- **Records for the task**
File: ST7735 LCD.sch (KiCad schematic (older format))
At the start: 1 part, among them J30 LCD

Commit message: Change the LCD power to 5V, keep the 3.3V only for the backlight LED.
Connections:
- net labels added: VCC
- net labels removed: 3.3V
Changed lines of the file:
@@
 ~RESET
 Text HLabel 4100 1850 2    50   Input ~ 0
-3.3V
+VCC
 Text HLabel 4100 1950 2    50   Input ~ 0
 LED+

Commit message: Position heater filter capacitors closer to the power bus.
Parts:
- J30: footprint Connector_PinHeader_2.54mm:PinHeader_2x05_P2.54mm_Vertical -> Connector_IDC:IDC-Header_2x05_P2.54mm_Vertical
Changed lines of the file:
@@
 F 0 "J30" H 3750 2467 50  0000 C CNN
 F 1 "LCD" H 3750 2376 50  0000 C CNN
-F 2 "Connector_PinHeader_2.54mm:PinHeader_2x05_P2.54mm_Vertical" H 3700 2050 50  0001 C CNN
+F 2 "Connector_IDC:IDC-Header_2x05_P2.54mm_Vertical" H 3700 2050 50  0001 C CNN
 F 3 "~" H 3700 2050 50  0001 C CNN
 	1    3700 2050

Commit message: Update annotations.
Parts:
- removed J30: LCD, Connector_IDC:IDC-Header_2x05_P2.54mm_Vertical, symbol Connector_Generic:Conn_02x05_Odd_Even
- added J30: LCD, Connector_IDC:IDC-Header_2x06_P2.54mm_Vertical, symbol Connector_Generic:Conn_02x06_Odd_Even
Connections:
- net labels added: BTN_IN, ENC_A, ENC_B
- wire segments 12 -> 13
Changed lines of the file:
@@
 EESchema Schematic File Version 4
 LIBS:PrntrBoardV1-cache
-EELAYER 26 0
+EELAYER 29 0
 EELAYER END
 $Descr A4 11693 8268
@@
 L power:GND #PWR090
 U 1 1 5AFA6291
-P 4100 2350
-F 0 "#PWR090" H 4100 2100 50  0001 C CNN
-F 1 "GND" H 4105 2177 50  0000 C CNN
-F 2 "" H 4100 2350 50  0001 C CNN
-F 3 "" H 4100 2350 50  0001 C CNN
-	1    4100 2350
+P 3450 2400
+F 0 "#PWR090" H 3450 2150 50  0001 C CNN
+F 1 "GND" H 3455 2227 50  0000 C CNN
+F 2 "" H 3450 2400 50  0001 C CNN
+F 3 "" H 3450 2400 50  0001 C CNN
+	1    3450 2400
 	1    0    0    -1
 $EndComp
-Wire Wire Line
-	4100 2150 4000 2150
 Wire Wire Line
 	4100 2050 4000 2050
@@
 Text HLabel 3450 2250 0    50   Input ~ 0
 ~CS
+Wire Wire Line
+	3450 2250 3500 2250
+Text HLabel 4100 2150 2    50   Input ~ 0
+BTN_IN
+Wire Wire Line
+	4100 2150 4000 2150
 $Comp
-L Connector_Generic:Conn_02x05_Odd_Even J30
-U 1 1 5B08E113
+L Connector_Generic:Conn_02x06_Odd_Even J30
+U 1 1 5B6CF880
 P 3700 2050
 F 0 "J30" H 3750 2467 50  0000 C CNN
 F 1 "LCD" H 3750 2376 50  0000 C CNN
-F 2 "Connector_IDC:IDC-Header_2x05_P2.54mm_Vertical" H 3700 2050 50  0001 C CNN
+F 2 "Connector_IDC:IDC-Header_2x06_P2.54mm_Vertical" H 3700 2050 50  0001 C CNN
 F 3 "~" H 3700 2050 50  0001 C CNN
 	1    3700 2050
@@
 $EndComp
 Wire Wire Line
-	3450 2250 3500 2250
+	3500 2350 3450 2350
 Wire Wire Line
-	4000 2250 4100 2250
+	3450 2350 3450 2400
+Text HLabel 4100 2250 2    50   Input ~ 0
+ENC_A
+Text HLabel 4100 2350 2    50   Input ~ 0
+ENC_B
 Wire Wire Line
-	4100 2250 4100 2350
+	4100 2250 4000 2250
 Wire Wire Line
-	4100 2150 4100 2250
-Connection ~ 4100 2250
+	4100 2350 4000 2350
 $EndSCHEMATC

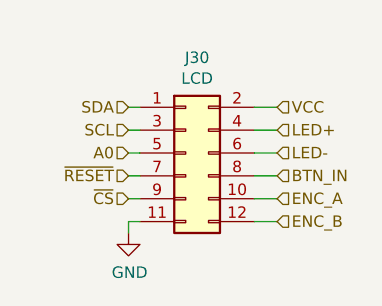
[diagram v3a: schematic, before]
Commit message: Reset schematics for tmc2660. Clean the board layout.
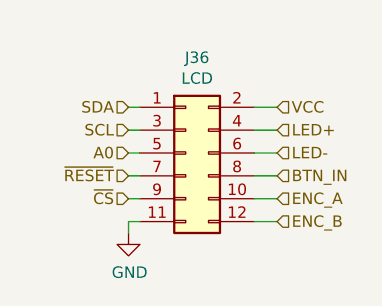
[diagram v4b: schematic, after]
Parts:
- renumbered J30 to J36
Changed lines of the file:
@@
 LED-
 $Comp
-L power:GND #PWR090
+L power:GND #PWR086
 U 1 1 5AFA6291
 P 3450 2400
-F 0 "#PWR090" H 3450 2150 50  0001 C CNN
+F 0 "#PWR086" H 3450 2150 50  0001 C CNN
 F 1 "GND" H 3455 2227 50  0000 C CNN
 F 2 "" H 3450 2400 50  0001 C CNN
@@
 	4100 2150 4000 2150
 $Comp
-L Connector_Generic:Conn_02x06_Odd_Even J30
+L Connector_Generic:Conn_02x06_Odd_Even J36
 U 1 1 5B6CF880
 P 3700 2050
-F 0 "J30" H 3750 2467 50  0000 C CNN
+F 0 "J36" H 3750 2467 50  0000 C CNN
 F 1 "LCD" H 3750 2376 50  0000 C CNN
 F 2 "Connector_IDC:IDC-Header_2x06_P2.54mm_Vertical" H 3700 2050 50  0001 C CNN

- **Problem**
An unaltered copy of the material, without images, should be set down.

- **Solution to the exercise**
File: ST7735 LCD.sch (KiCad schematic (older format))
At the start: 1 part, among them J30 LCD

Commit message: Change the LCD power to 5V, keep the 3.3V only for the backlight LED.
Connections:
- net labels added: VCC
- net labels removed: 3.3V
Changed lines of the file:
@@
 ~RESET
 Text HLabel 4100 1850 2    50   Input ~ 0
-3.3V
+VCC
 Text HLabel 4100 1950 2    50   Input ~ 0
 LED+

Commit message: Position heater filter capacitors closer to the power bus.
Parts:
- J30: footprint Connector_PinHeader_2.54mm:PinHeader_2x05_P2.54mm_Vertical -> Connector_IDC:IDC-Header_2x05_P2.54mm_Vertical
Changed lines of the file:
@@
 F 0 "J30" H 3750 2467 50  0000 C CNN
 F 1 "LCD" H 3750 2376 50  0000 C CNN
-F 2 "Connector_PinHeader_2.54mm:PinHeader_2x05_P2.54mm_Vertical" H 3700 2050 50  0001 C CNN
+F 2 "Connector_IDC:IDC-Header_2x05_P2.54mm_Vertical" H 3700 2050 50  0001 C CNN
 F 3 "~" H 3700 2050 50  0001 C CNN
 	1    3700 2050

Commit message: Update annotations.
Parts:
- removed J30: LCD, Connector_IDC:IDC-Header_2x05_P2.54mm_Vertical, symbol Connector_Generic:Conn_02x05_Odd_Even
- added J30: LCD, Connector_IDC:IDC-Header_2x06_P2.54mm_Vertical, symbol Connector_Generic:Conn_02x06_Odd_Even
Connections:
- net labels added: BTN_IN, ENC_A, ENC_B
- wire segments 12 -> 13
Changed lines of the file:
@@
 EESchema Schematic File Version 4
 LIBS:PrntrBoardV1-cache
-EELAYER 26 0
+EELAYER 29 0
 EELAYER END
 $Descr A4 11693 8268
@@
 L power:GND #PWR090
 U 1 1 5AFA6291
-P 4100 2350
-F 0 "#PWR090" H 4100 2100 50  0001 C CNN
-F 1 "GND" H 4105 2177 50  0000 C CNN
-F 2 "" H 4100 2350 50  0001 C CNN
-F 3 "" H 4100 2350 50  0001 C CNN
-	1    4100 2350
+P 3450 2400
+F 0 "#PWR090" H 3450 2150 50  0001 C CNN
+F 1 "GND" H 3455 2227 50  0000 C CNN
+F 2 "" H 3450 2400 50  0001 C CNN
+F 3 "" H 3450 2400 50  0001 C CNN
+	1    3450 2400
 	1    0    0    -1
 $EndComp
-Wire Wire Line
-	4100 2150 4000 2150
 Wire Wire Line
 	4100 2050 4000 2050
@@
 Text HLabel 3450 2250 0    50   Input ~ 0
 ~CS
+Wire Wire Line
+	3450 2250 3500 2250
+Text HLabel 4100 2150 2    50   Input ~ 0
+BTN_IN
+Wire Wire Line
+	4100 2150 4000 2150
 $Comp
-L Connector_Generic:Conn_02x05_Odd_Even J30
-U 1 1 5B08E113
+L Connector_Generic:Conn_02x06_Odd_Even J30
+U 1 1 5B6CF880
 P 3700 2050
 F 0 "J30" H 3750 2467 50  0000 C CNN
 F 1 "LCD" H 3750 2376 50  0000 C CNN
-F 2 "Connector_IDC:IDC-Header_2x05_P2.54mm_Vertical" H 3700 2050 50  0001 C CNN
+F 2 "Connector_IDC:IDC-Header_2x06_P2.54mm_Vertical" H 3700 2050 50  0001 C CNN
 F 3 "~" H 3700 2050 50  0001 C CNN
 	1    3700 2050
@@
 $EndComp
 Wire Wire Line
-	3450 2250 3500 2250
+	3500 2350 3450 2350
 Wire Wire Line
-	4000 2250 4100 2250
+	3450 2350 3450 2400
+Text HLabel 4100 2250 2    50   Input ~ 0
+ENC_A
+Text HLabel 4100 2350 2    50   Input ~ 0
+ENC_B
 Wire Wire Line
-	4100 2250 4100 2350
+	4100 2250 4000 2250
 Wire Wire Line
-	4100 2150 4100 2250
-Connection ~ 4100 2250
+	4100 2350 4000 2350
 $EndSCHEMATC

[diagram v3a: schematic, before]
Commit message: Reset schematics for tmc2660. Clean the board layout.
[diagram v4b: schematic, after]
Parts:
- renumbered J30 to J36
Changed lines of the file:
@@
 LED-
 $Comp
-L power:GND #PWR090
+L power:GND #PWR086
 U 1 1 5AFA6291
 P 3450 2400
-F 0 "#PWR090" H 3450 2150 50  0001 C CNN
+F 0 "#PWR086" H 3450 2150 50  0001 C CNN
 F 1 "GND" H 3455 2227 50  0000 C CNN
 F 2 "" H 3450 2400 50  0001 C CNN
@@
 	4100 2150 4000 2150
 $Comp
-L Connector_Generic:Conn_02x06_Odd_Even J30
+L Connector_Generic:Conn_02x06_Odd_Even J36
 U 1 1 5B6CF880
 P 3700 2050
-F 0 "J30" H 3750 2467 50  0000 C CNN
+F 0 "J36" H 3750 2467 50  0000 C CNN
 F 1 "LCD" H 3750 2376 50  0000 C CNN
 F 2 "Connector_IDC:IDC-Header_2x06_P2.54mm_Vertical" H 3700 2050 50  0001 C CNN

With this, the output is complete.